Work to complete
In the material below, find each line with the word "positions" and list it.

⟨

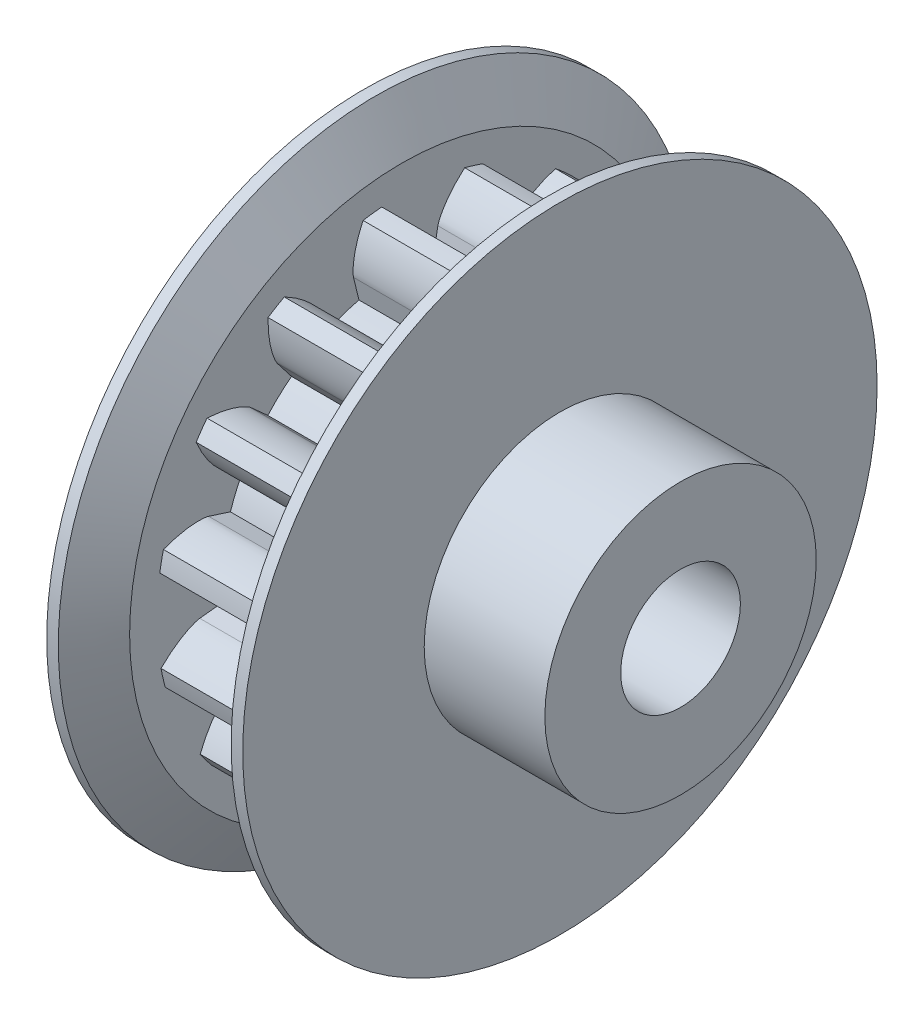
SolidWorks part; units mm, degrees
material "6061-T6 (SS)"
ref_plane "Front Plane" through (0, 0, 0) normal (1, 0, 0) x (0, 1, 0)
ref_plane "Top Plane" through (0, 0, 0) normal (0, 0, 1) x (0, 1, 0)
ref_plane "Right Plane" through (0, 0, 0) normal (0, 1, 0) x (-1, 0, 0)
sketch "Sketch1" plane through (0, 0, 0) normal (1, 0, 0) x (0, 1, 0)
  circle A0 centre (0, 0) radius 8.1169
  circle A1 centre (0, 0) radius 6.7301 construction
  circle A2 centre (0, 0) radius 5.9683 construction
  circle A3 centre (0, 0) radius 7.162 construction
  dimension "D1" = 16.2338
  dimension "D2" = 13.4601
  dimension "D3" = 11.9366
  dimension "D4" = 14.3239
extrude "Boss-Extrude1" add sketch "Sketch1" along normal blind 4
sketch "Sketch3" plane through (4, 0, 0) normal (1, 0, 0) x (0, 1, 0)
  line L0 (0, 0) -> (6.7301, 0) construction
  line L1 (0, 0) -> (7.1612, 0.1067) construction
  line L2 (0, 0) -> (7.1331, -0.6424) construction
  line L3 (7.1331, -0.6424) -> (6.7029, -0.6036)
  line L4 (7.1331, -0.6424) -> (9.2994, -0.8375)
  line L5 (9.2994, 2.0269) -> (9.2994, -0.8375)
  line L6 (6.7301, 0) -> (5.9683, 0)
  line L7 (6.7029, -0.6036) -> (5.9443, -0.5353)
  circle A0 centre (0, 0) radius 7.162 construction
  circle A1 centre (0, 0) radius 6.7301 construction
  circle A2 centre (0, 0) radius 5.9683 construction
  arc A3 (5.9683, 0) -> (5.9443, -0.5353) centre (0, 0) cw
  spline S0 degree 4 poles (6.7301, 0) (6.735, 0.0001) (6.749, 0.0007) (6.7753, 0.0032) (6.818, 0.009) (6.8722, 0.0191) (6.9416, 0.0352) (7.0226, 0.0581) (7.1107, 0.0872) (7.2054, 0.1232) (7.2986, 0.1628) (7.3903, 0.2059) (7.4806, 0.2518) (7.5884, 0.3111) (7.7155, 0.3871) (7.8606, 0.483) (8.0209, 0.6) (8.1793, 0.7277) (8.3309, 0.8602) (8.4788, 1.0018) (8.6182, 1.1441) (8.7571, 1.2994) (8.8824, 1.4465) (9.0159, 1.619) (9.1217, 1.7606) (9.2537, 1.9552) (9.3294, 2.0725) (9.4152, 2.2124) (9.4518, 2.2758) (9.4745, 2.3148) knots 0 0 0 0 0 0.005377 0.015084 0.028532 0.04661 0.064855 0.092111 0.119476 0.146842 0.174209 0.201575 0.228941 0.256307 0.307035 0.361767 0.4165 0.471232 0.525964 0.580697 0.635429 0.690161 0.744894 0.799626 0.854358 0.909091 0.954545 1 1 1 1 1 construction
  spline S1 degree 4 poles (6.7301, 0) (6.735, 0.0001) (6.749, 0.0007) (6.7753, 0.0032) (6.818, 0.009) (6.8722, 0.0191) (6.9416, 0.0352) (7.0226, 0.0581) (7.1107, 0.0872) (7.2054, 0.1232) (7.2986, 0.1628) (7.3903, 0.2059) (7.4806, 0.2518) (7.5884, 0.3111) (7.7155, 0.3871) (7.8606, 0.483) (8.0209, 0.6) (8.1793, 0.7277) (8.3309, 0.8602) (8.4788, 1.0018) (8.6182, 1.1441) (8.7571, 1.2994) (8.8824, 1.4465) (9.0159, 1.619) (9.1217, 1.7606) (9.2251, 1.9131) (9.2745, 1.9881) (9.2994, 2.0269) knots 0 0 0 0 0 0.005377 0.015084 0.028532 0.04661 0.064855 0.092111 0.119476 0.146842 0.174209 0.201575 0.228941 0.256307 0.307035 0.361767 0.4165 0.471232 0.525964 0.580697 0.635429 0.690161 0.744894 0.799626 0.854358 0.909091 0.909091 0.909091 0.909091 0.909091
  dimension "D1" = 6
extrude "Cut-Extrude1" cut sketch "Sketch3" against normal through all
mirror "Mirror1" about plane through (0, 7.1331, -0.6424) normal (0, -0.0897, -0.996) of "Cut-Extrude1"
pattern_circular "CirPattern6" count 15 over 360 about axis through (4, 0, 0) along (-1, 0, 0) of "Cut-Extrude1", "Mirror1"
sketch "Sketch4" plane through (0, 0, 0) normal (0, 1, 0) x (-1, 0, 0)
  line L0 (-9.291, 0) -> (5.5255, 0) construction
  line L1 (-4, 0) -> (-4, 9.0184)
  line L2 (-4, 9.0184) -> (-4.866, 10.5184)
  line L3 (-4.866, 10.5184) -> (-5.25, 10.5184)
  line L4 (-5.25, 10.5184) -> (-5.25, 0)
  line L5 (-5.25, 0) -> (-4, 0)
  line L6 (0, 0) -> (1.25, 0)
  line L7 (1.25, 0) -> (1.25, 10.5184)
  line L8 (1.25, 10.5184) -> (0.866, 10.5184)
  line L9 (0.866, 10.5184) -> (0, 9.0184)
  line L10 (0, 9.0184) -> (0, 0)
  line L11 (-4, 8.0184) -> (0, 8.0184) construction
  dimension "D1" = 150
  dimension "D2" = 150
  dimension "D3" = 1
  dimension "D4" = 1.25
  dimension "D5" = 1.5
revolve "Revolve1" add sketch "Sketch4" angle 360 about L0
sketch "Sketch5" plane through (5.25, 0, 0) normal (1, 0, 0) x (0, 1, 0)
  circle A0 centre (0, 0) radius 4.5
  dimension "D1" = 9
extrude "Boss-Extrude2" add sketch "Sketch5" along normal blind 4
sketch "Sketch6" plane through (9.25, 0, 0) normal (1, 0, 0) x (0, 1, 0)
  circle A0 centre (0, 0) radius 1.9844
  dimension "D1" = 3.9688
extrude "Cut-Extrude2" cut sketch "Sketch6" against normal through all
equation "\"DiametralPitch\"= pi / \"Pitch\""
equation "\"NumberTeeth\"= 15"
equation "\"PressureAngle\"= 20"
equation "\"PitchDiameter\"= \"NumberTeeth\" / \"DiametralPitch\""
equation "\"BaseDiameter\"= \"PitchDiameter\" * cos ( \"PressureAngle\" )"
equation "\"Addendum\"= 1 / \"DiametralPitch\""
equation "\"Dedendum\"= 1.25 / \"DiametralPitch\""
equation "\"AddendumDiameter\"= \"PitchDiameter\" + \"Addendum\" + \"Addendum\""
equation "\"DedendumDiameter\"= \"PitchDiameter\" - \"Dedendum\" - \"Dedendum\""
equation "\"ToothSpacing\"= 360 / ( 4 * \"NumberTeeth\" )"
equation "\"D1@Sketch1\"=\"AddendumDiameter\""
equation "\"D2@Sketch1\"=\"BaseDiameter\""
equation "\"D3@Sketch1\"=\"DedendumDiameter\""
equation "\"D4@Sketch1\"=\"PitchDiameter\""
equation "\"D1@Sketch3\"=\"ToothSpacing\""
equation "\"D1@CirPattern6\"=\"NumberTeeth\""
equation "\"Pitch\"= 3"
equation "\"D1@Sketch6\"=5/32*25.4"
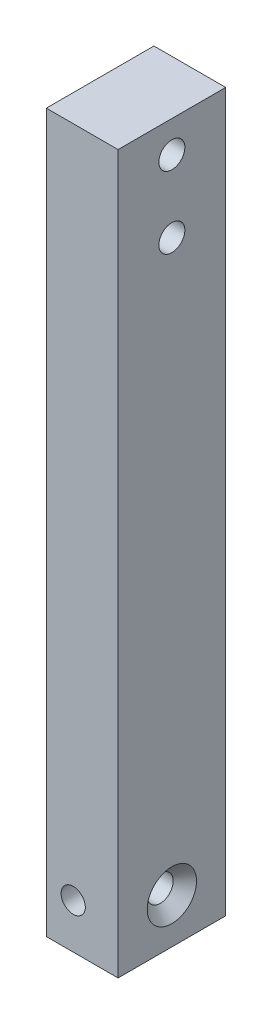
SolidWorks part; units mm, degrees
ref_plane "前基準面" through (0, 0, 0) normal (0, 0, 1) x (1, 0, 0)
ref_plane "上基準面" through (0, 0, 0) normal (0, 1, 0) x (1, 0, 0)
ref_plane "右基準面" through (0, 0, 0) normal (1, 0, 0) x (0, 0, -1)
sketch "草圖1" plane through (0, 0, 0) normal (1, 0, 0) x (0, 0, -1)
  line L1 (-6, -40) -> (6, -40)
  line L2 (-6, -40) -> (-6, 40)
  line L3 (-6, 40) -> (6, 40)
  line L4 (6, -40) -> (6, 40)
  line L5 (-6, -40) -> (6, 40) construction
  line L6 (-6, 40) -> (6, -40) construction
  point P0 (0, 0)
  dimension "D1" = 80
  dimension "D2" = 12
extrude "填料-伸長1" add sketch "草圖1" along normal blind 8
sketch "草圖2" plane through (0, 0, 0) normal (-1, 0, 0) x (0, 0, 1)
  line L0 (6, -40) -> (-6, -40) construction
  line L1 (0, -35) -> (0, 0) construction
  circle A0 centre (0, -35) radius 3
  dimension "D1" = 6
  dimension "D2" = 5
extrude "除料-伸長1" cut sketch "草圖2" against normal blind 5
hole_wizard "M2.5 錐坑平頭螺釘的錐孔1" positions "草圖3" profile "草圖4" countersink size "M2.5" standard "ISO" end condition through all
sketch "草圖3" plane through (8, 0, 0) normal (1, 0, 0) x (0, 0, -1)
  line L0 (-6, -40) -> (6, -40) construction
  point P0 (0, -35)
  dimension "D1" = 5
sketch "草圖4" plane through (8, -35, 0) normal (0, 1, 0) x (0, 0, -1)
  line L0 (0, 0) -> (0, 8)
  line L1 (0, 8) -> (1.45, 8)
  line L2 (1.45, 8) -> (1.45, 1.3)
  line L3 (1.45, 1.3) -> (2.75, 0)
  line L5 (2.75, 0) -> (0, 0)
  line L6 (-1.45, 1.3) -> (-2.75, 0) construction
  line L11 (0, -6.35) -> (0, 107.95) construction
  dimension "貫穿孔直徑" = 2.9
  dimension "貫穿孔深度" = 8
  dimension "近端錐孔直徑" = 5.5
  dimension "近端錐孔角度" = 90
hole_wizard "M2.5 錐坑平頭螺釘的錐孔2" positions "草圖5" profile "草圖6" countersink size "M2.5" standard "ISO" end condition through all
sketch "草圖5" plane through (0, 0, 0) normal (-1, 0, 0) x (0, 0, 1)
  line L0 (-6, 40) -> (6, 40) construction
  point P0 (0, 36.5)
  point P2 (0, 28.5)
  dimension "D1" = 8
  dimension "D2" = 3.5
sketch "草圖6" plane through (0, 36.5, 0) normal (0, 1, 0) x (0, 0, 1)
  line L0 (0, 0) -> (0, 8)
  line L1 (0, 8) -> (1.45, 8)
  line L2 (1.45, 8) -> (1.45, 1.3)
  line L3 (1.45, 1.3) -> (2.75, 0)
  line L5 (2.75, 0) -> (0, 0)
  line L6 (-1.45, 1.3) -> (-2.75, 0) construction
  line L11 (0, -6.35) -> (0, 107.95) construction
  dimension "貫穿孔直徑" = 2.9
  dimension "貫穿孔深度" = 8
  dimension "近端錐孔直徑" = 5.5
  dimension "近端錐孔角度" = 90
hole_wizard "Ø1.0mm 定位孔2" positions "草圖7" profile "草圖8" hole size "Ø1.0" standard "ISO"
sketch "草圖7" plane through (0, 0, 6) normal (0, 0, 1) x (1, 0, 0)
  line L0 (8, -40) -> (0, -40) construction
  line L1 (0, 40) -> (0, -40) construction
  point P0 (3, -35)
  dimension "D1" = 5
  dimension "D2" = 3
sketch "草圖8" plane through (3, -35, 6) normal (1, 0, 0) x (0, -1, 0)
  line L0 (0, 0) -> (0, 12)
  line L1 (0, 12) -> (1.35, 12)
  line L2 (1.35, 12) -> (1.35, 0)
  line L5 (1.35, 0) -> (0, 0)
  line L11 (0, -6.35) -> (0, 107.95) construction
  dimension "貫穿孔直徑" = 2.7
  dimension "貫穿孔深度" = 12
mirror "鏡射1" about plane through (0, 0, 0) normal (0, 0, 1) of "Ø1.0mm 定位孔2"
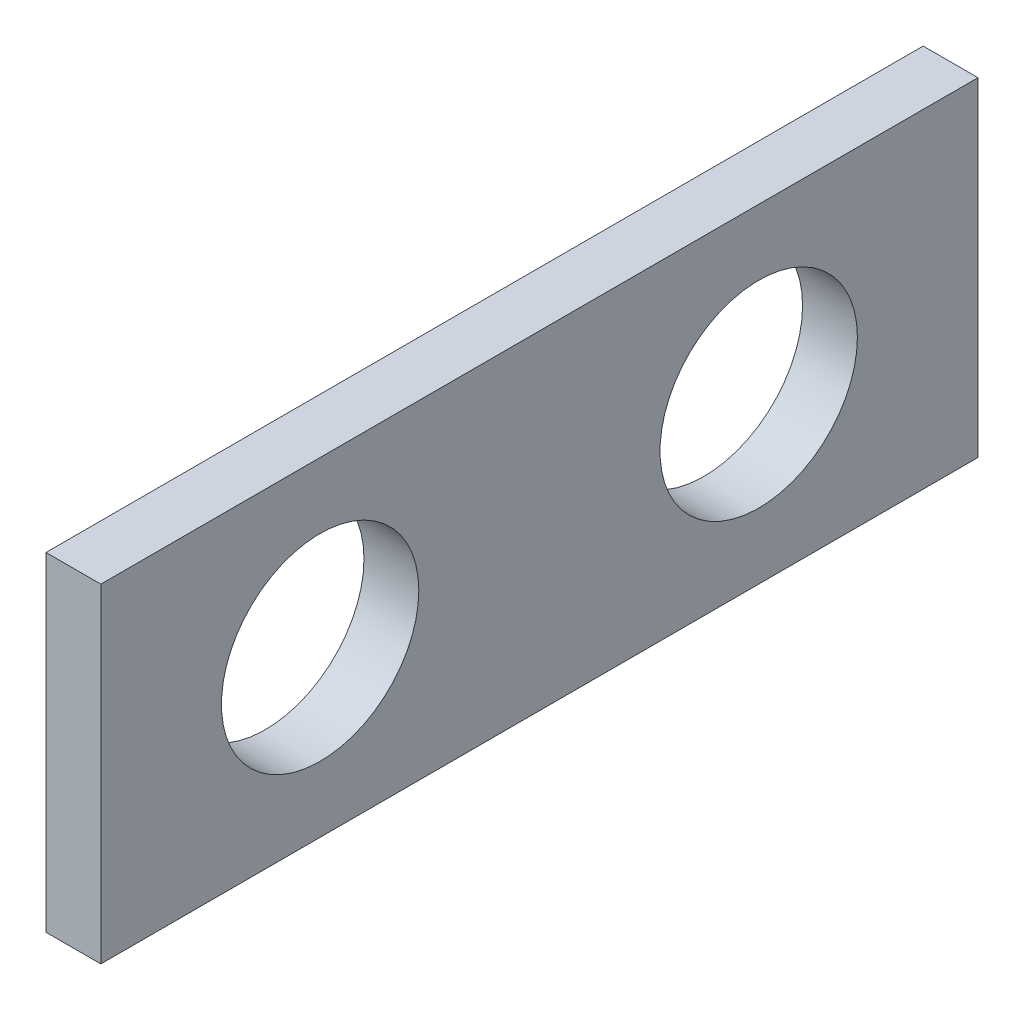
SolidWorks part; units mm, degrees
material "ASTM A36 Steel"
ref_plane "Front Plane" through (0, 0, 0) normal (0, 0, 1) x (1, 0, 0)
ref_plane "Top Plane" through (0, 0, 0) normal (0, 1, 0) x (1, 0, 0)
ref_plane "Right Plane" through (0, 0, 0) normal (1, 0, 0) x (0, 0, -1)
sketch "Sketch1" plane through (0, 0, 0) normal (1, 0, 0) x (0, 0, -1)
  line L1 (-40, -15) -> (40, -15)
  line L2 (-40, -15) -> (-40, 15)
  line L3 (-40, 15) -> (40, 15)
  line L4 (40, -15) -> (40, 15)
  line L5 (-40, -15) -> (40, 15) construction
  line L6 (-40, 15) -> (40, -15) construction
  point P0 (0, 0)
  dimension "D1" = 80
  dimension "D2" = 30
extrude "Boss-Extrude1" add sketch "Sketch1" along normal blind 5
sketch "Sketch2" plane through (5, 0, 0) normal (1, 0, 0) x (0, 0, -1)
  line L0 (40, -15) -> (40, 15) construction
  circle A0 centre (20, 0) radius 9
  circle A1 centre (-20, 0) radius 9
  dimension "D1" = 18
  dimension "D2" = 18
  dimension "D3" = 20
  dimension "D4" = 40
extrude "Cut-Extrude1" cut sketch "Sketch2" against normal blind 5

⟩

Result of this task
hole_wizard "M2.5 錐坑平頭螺釘的錐孔1" positions "草圖3" profile "草圖4" countersink size "M2.5" standard "ISO" end condition through all
hole_wizard "M2.5 錐坑平頭螺釘的錐孔2" positions "草圖5" profile "草圖6" countersink size "M2.5" standard "ISO" end condition through all
hole_wizard "Ø1.0mm 定位孔2" positions "草圖7" profile "草圖8" hole size "Ø1.0" standard "ISO"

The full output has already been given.